Considerations: I would really like the current draw for each fixture be no more than 3 amps, so if I had two fixtures the total draw of the lights would be 6 amps. From my reading it looks like I can drive them with my standard 12v system which wouldn’t work well because the amp draw would be too much. I could use a DC/DC step up system to up my voltage and reduce the current. Or I could possible use the 110 VAC system on the boat to really lower the current draw. The only drawback to an AC setup is I could only run the lights when at the dock or when the generator is running.


LED’s: I’ve looked at several emitters like Cree’s X-Lamp, BridgeLux, Osram, and Luminus. So far I’ve narrowed it down to the SST-90 from Luminous. Am I on the right track here? One slight wrinkle is the need for green color so please keep that in mind.


Drivers: Depending on what the best approach you guys think is between 12v, stepped up 12v, or AC the following are some potential solutions for drivers:


http://www.candlepowerforums.com/vb/showthread.php?327770-100-watt-CC-LED-Driver-for-12
http://www.candlepowerforums.com/vb...able-10A-linear-LED-driver-limited-quantities
http://www.candlepowerforums.com/vb/showthread.php?321013-DC-DC-70-Watt-LED-Driver
http://www.candlepowerforums.com/vb...icient-5A-9A-Buck-Converter-for-SST-50-SST-90
http://www.taskled.com/

So, I’d really like to get your opinions on what’s the best approach for me to take? Are there other LED’s I should be looking at? Given my current draw requirements do I have to use a stepped up DC or AC driver? Any guidance and information is greatly appreciated!


----------



## DM51 (Dec 9, 2011)

Natchamp said:


> Gents,


This isn't a "public convenience", lol. Besides, we have ladies here too. 

Welcome to CPF!


----------



## David_Campen (Dec 9, 2011)

I am using the LEDengin LZ4-4 blue and reds to construct plant growth lights. Their LZ4-40G100 puts out 525 nm green. Typical values for one of these emitter packages is 600 lumen at 15V forward voltage and 1 amp. So if you took 4 of these and wired them in series-parallel you would get 2400 lumens at 30V and 2A.
http://www.ledengin.com/products/emitters#LZ4
http://www.candlepowerforums.com/vb...8-LEDEngin-10-watt-15-watt-Information-thread


----------



## Codiak (Dec 9, 2011)

Natchamp said:


> Gents,
> 
> Project: make some underwater LED lights for my boat. The plan is to have probably two fixtures, one on each side of the transom (rear) of the boat. Underwater LED’s are available but they can get very spendy. Since I’m naturally a diy’er and I have CNC equipment I can make the housings myself. The fixtures will be under water so heat dissipation should be no problem with aluminum housings.
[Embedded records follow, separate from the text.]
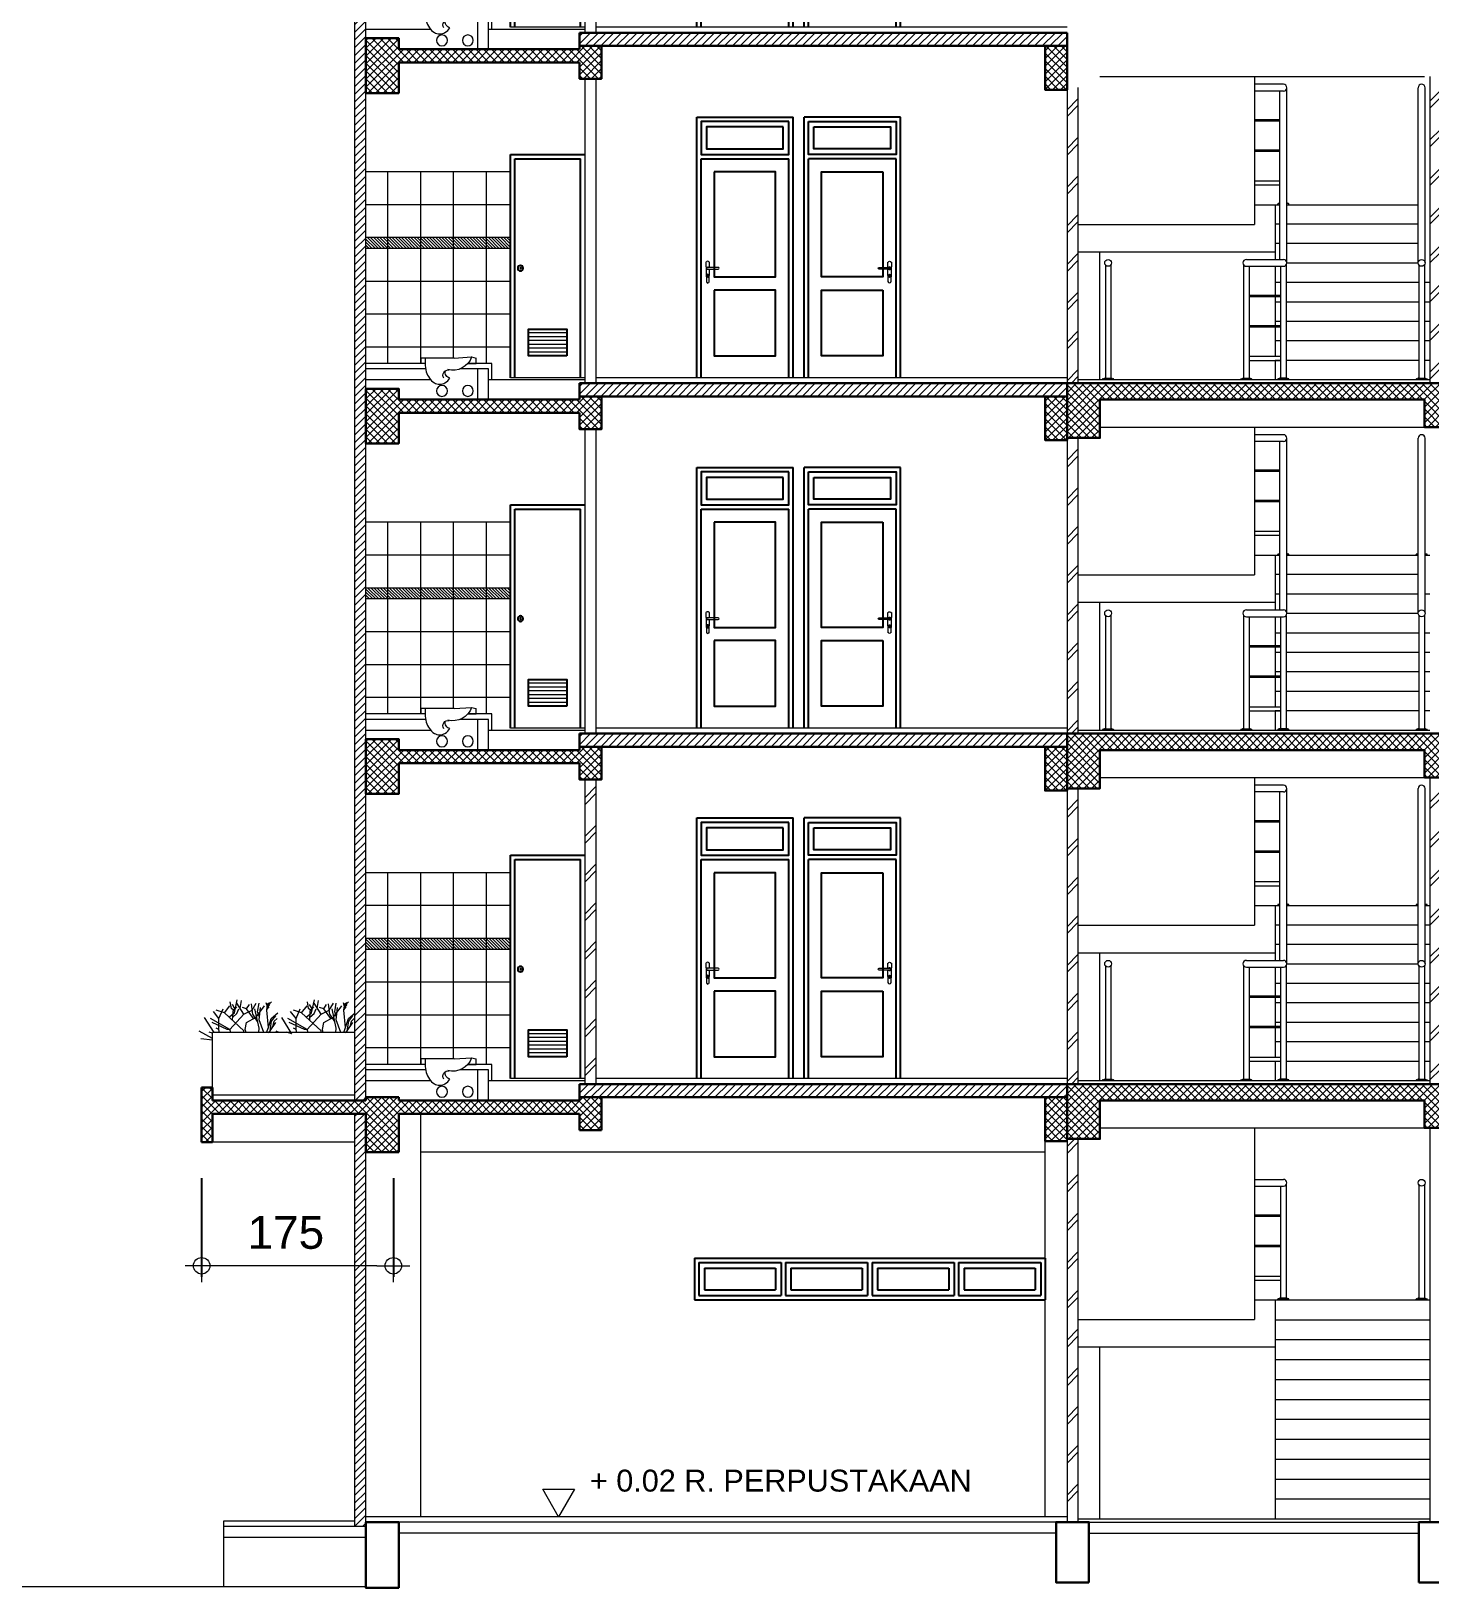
# Model space of a CAD drawing. Header units: millimetres. Extents: x -16 to 103, y -17 to 67.
# Drawn here: x -3.31 to 9.46, y -0.62 to 13.59 of the extents above; entities that cross this region are included whole.
import ezdxf

# ---------------------------------------------------------------- set-up
doc = ezdxf.new("R2010")
doc.units = ezdxf.units.MM
doc.layers.get('defpoints').update_dxf_attribs({"color": 1})
for name, color, linetype, lineweight in [('ars', 11, 'Continuous', 0), ('BLK', 1, 'Continuous', 30), ('lan', 7, 'Continuous', 15), ('POHON', 62, 'Continuous', 0), ('SANITAIR', 15, 'Continuous', 9), ('tem', 5, 'Continuous', 20), ('u', 6, 'Continuous', 20)]:
    doc.layers.add(name, color=color, linetype=linetype, lineweight=lineweight)
doc.layers.add('Kusen', color=30, linetype='Continuous')
doc.styles.add('S', font='simplex', dxfattribs={"width": 0.75})
doc.styles.get("Standard").update_dxf_attribs({"font": 'arial.ttf'})
doc.dimstyles.new('sk-100', dxfattribs={"dimtxt": 0.3, "dimasz": 0.15, "dimexe": 0.1, "dimexo": 0, "dimgap": 0.15, "dimtad": 1, "dimdec": 0, "dimlfac": 100, "dimzin": 0, "dimdsep": 46, "dimtxsty": 'Standard', "dimblk": 'BULAT', "dimcen": 0.09, "dimclrd": 256, "dimclre": 256, "dimclrt": 256, "dimadec": 0, "dimazin": 0, "dimtfac": 1, "dimtdec": 0, "dimtofl": 0, "dimtmove": 0, "dimatfit": 3, "dimldrblk": 'BULAT', "dimfxl": 0, "dimtolj": 1, "dimtzin": 0, "dimlwd": -1, "dimarcsym": 0})
pattern_1 = [(45, (0, 0), (-0.03535534, 0.03535534), []), (135, (0, 0), (-0.03535534, -0.03535534), [])]
pattern_2 = [(45, (0, 3.2), (-0.03535534, 0.03535534), []), (135, (0, 3.2), (-0.03535534, -0.03535534), [])]
pattern_3 = [(45, (0, 6.4), (-0.03535534, 0.03535534), []), (135, (0, 6.4), (-0.03535534, -0.03535534), [])]

# ---------------------------------------------------------------- blocks, each defined once
blk = doc.blocks.new('PEIL')
blk.add_lwpolyline([(-0.188, 0.325), (0.188, 0.325), (0, 0)], close=True)
at = {"style": 'S', "width": 1.1, "flags": 4}
blk.add_attdef('CAT', (0.265, 0.036), '', height=0.2, dxfattribs=at)
blk = doc.blocks.new('BULAT')
for p, q in [((0, -1), (0, 1)), ((-1, 0), (1, 0))]:
    blk.add_line(p, q)
blk.add_circle((0, 0), 0.5)
blk = doc.blocks.new('*D36')
at = {"layer": 'defpoints', "color": 0, "transparency": 16777216}
for p in [(-1.75, 3.116), (0, 3.116), (-1.75, 2.316)]:
    blk.add_point(p, dxfattribs=at)
at = {"layer": 'u', "lineweight": -2, "transparency": 16777216}
for p, q in [((-1.75, 3.116), (-1.75, 2.216)), ((0, 3.116), (0, 2.216))]:
    blk.add_line(p, q, dxfattribs=at)
at = {"layer": 'u', "transparency": 16777216}
blk.add_line((-0.15, 2.316), (-1.6, 2.316), dxfattribs=at)
at = {"layer": 'u', "transparency": 16777216, "xscale": 0.15, "yscale": 0.15, "zscale": 0.15, "rotation": 180}
blk.add_blockref('BULAT', (-1.75, 2.316), dxfattribs=at)
at = {"layer": 'u', "transparency": 16777216, "xscale": 0.15, "yscale": 0.15, "zscale": 0.15}
blk.add_blockref('BULAT', (0, 2.316), dxfattribs=at)
at = {"layer": 'u', "transparency": 16777216, "insert": (-0.981, 2.619), "char_height": 0.3, "attachment_point": 5}
blk.add_mtext('\\A1;175', dxfattribs=at)
blk = doc.blocks.new('GAGANG PINTU')
at = {"ltscale": 0.2}
for points in [[(1350.091, 1379.836), (1350.09, 1379.884), (1350.094, 1379.884, -0.666667), (1350.118, 1379.884), (1350.122, 1379.884), (1350.118, 1379.7), (1350.114, 1379.7, -1), (1350.098, 1379.7), (1350.094, 1379.7), (1350.091, 1379.82)], [(1350.01, 1379.82, -1), (1350.01, 1379.836), (1350.106, 1379.836, -1), (1350.106, 1379.82), (1350.01, 1379.82)]]:
    blk.add_lwpolyline(points, format="xyb", dxfattribs=at)
at = {"lineweight": 0, "ltscale": 0.2}
blk.add_lwpolyline([(1350.102, 1379.758, -3.732051), (1350.11, 1379.758), (1350.11, 1379.748, -1), (1350.102, 1379.748), (1350.102, 1379.758)], format="xyb", dxfattribs=at)
blk.add_lwpolyline([(1350.105, 1379.768), (1350.107, 1379.768), (1350.107, 1379.76), (1350.105, 1379.76)], close=True, dxfattribs=at)
blk.add_circle((1350.106, 1379.764), 0.0072, dxfattribs=at)
blk.add_arc((1350.106, 1379.828), 0.012, 221.8103, 138.1897, dxfattribs=at)
blk = doc.blocks.new('Sswc2')
for p, q in [((-0.465, 0.01), (-0.505, 0)), ((-0.505, -0.05), (-0.505, 0)), ((-0.306, 0), (-0.465, 0.01)), ((-0.306, 0), (0, 0)), ((-0.04, 0), (-0.04, -0.05)), ((0, 0), (0, -0.05)), ((-0.433, -0.05), (-0.505, -0.05)), ((-0.04, -0.05), (0, -0.05))]:
    blk.add_line(p, q)
blk.add_lwpolyline([(-0.04, -0.05, -0.070615), (-0.051, -0.125, -0.082272), (-0.079, -0.184, -0.106848), (-0.125, -0.227, -0.134472), (-0.173, -0.24, -0.134472), (-0.221, -0.227, -0.106848), (-0.267, -0.184, -0.006572)], format="xyb")
for centre, radius, start, end in [((-0.294, 0.069), 0.181, 199.1507, 284.8781), ((-0.277, -0.131), 0.0539, 281.0512, 16.0423), ((-0.254, -0.159), 0.0509, 329.5758, 97.5426)]:
    blk.add_arc(centre, radius, start, end)
blk = doc.blocks.new('typikal-2')
at = {"layer": 'ars', "linetype": 'ByBlock'}
h = blk.add_hatch(dxfattribs=at)
h.set_pattern_fill('_USER', color=256, scale=0.02, angle=45, pattern_type=0)
h.set_pattern_definition([(45, (-15.215, -6.97), (-0.014142136, 0.014142136), [])])
h.paths.add_polyline_path([(6.45, 1.23), (6.45, 1.33), (5.13, 1.33), (5.13, 1.23)])
at = {"layer": 'ars'}
for p, q in [((5.13, 1.93), (6.45, 1.93)), ((5.35, 0.18), (5.35, 1.93)), ((5.65, 0.23), (5.65, 1.93)), ((5.95, 0.18), (5.95, 1.93)), ((6.25, 0.18), (6.25, 1.93)), ((5.13, 1.63), (6.45, 1.63)), ((5.13, 1.33), (6.45, 1.33)), ((5.13, 1.23), (6.45, 1.23)), ((5.13, 0.93), (6.45, 0.93)), ((5.13, 0.63), (6.45, 0.63)), ((4.615, 0.46), (4.965, 0.46)), ((4.615, 0.425), (4.965, 0.425)), ((4.615, 0.39), (4.965, 0.39)), ((4.615, 0.355), (4.965, 0.355)), ((4.615, 0.32), (4.965, 0.32)), ((4.615, 0.285), (4.965, 0.285)), ((5.13, 0.33), (6.45, 0.33))]:
    blk.add_line(p, q, dxfattribs=at)
at = {"layer": 'BLK', "ltscale": 2}
blk.add_line((0.05, 3.08), (0.05, 3.2), dxfattribs=at)
at = {"layer": 'BLK', "linetype": 'Continuous', "ltscale": 2}
for p, q in [((4.5, 3.2), (0.05, 3.2)), ((4.5, 3.2), (4.5, 3.08)), ((4.5, 3.08), (0.05, 3.08))]:
    blk.add_line(p, q, dxfattribs=at)
at = {"layer": 'BLK'}
for points in [[(4.5, 2.93), (6.15, 2.93), (6.15, 2.65), (6.45, 2.65), (6.45, 3.15), (6.15, 3.15), (6.15, 3.05), (4.5, 3.05)], [(4.5, 3.05), (4.5, 3.08), (4.3, 3.08), (4.3, 2.78), (4.5, 2.78), (4.5, 2.93)]]:
    blk.add_lwpolyline(points, dxfattribs=at)
blk.add_lwpolyline([(0.05, 2.68), (0.25, 2.68), (0.25, 3.08), (0.05, 3.08)], close=True, dxfattribs=at)
at = {"layer": 'Kusen'}
for p, q in [((1.57, 0.05), (1.57, 2.43)), ((1.57, 2.43), (2.45, 2.43)), ((2.45, 0.05), (2.45, 2.43)), ((3.43, 2.43), (2.55, 2.43)), ((2.55, 0.05), (2.55, 2.43)), ((3.43, 0.05), (3.43, 2.43)), ((1.61, 0.05), (1.61, 2.05)), ((1.61, 2.05), (2.41, 2.05)), ((2.41, 0.05), (2.41, 2.05)), ((2.59, 0.05), (2.59, 2.05)), ((3.39, 2.05), (2.59, 2.05)), ((3.39, 0.05), (3.39, 2.05)), ((5.13, 2.09), (4.45, 2.09)), ((5.09, 2.05), (4.49, 2.05)), ((4.49, 0.05), (4.49, 2.05)), ((5.09, 0.05), (5.09, 2.05)), ((5.13, 0.05), (5.13, 2.09))]:
    blk.add_line(p, q, dxfattribs=at)
for points in [[(2.41, 2.39), (1.61, 2.39), (1.61, 2.09), (2.41, 2.09)], [(2.36, 2.34), (1.66, 2.34), (1.66, 2.14), (2.36, 2.14)], [(2.59, 2.39), (3.39, 2.39), (3.39, 2.09), (2.59, 2.09)], [(2.64, 2.34), (3.34, 2.34), (3.34, 2.14), (2.64, 2.14)], [(1.73, 1.93), (1.73, 0.97), (2.29, 0.97), (2.29, 1.93)], [(3.27, 1.93), (3.27, 0.97), (2.71, 0.97), (2.71, 1.93)], [(1.73, 0.85), (1.73, 0.25), (2.29, 0.25), (2.29, 0.85)], [(3.27, 0.85), (3.27, 0.25), (2.71, 0.25), (2.71, 0.85)], [(4.615, 0.25), (4.965, 0.25), (4.965, 0.495), (4.615, 0.495)]]:
    blk.add_lwpolyline(points, close=True, dxfattribs=at)
for radius in [0.025, 0.005]:
    blk.add_circle((5.04, 1.05), radius, dxfattribs=at)
at = {"layer": 'lan'}
for p, q in [((5.3, 0.03), (5.3, 0.18)), ((5.3, 0.18), (5.52, 0.18)), ((5.91, 0.18), (6.45, 0.18)), ((0.05, 0.05), (4.35, 0.05)), ((4.45, 0.05), (5.13, 0.05)), ((4.45, 0.03), (5.33, 0.03)), ((5.43, 0.13), (5.592, 0.13)), ((5.858, 0.03), (6.45, 0.03)), ((5.905, 0.13), (6.45, 0.13))]:
    blk.add_line(p, q, dxfattribs=at)
for centre in [(5.52, -0.07), (5.756, -0.07)]:
    blk.add_circle(centre, 0.05, dxfattribs=at)
at = {"layer": 'tem'}
for p, q in [((4.35, 2.78), (4.35, 0)), ((4.45, 0), (4.45, 2.78)), ((5.33, -0.15), (5.33, 0.13)), ((5.33, 0.13), (5.43, 0.13)), ((5.43, -0.15), (5.43, 0.13))]:
    blk.add_line(p, q, dxfattribs=at)
at = {"layer": 'ars', "extrusion": (0, 0, -1), "zscale": -1, "rotation": 359.9999927123874}
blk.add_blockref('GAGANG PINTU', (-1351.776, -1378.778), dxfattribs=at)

Be sure to look at the diving forum for waterproofing ideas.



> Output: I would like to have each of the fixtures produce at least 2,000 lumins preferably. There are ones available to buy at this level (>5,000 lms) so I know it can be done. I really want the highest lumins, brightest lights, I can make while still being reasonable in cost and current draw. The color needs to be green. I would really like dimming capability but if it adds too much complexity maybe some simple levels of power/brightness.



Assumption here is that your looking for a lot of spill and little to no spot? IE Flood lights




> Considerations: I would really like the current draw for each fixture be no more than 3 amps, so if I had two fixtures the total draw of the lights would be 6 amps. From my reading it looks like I can drive them with my standard 12v system which wouldn’t work well because the amp draw would be too much. I could use a DC/DC step up system to up my voltage and reduce the current. Or I could possible use the 110 VAC system on the boat to really lower the current draw. The only drawback to an AC setup is I could only run the lights when at the dock or when the generator is running.



3amps off your boat battery wont be an issue with a good driver



> LED’s: I’ve looked at several emitters like Cree’s X-Lamp, BridgeLux, Osram, and Luminus. So far I’ve narrowed it down to the SST-90 from Luminous. Am I on the right track here? One slight wrinkle is the need for green color so please keep that in mind.
> 
> 
> Drivers: Depending on what the best approach you guys think is between 12v, stepped up 12v, or AC the following are some potential solutions for drivers:
> ...




Lots of choices for sure... 

Personally I'd go with a two 3 x Cree XM-L's from cutter.com.au and a couple LFlex drivers from taskled.com and call it a day.
This would give you up to 3000 Lumens at 3Amps per light head and 5 selectable levels of output.
Designed them like a canister light and you could even use them for diving ;-)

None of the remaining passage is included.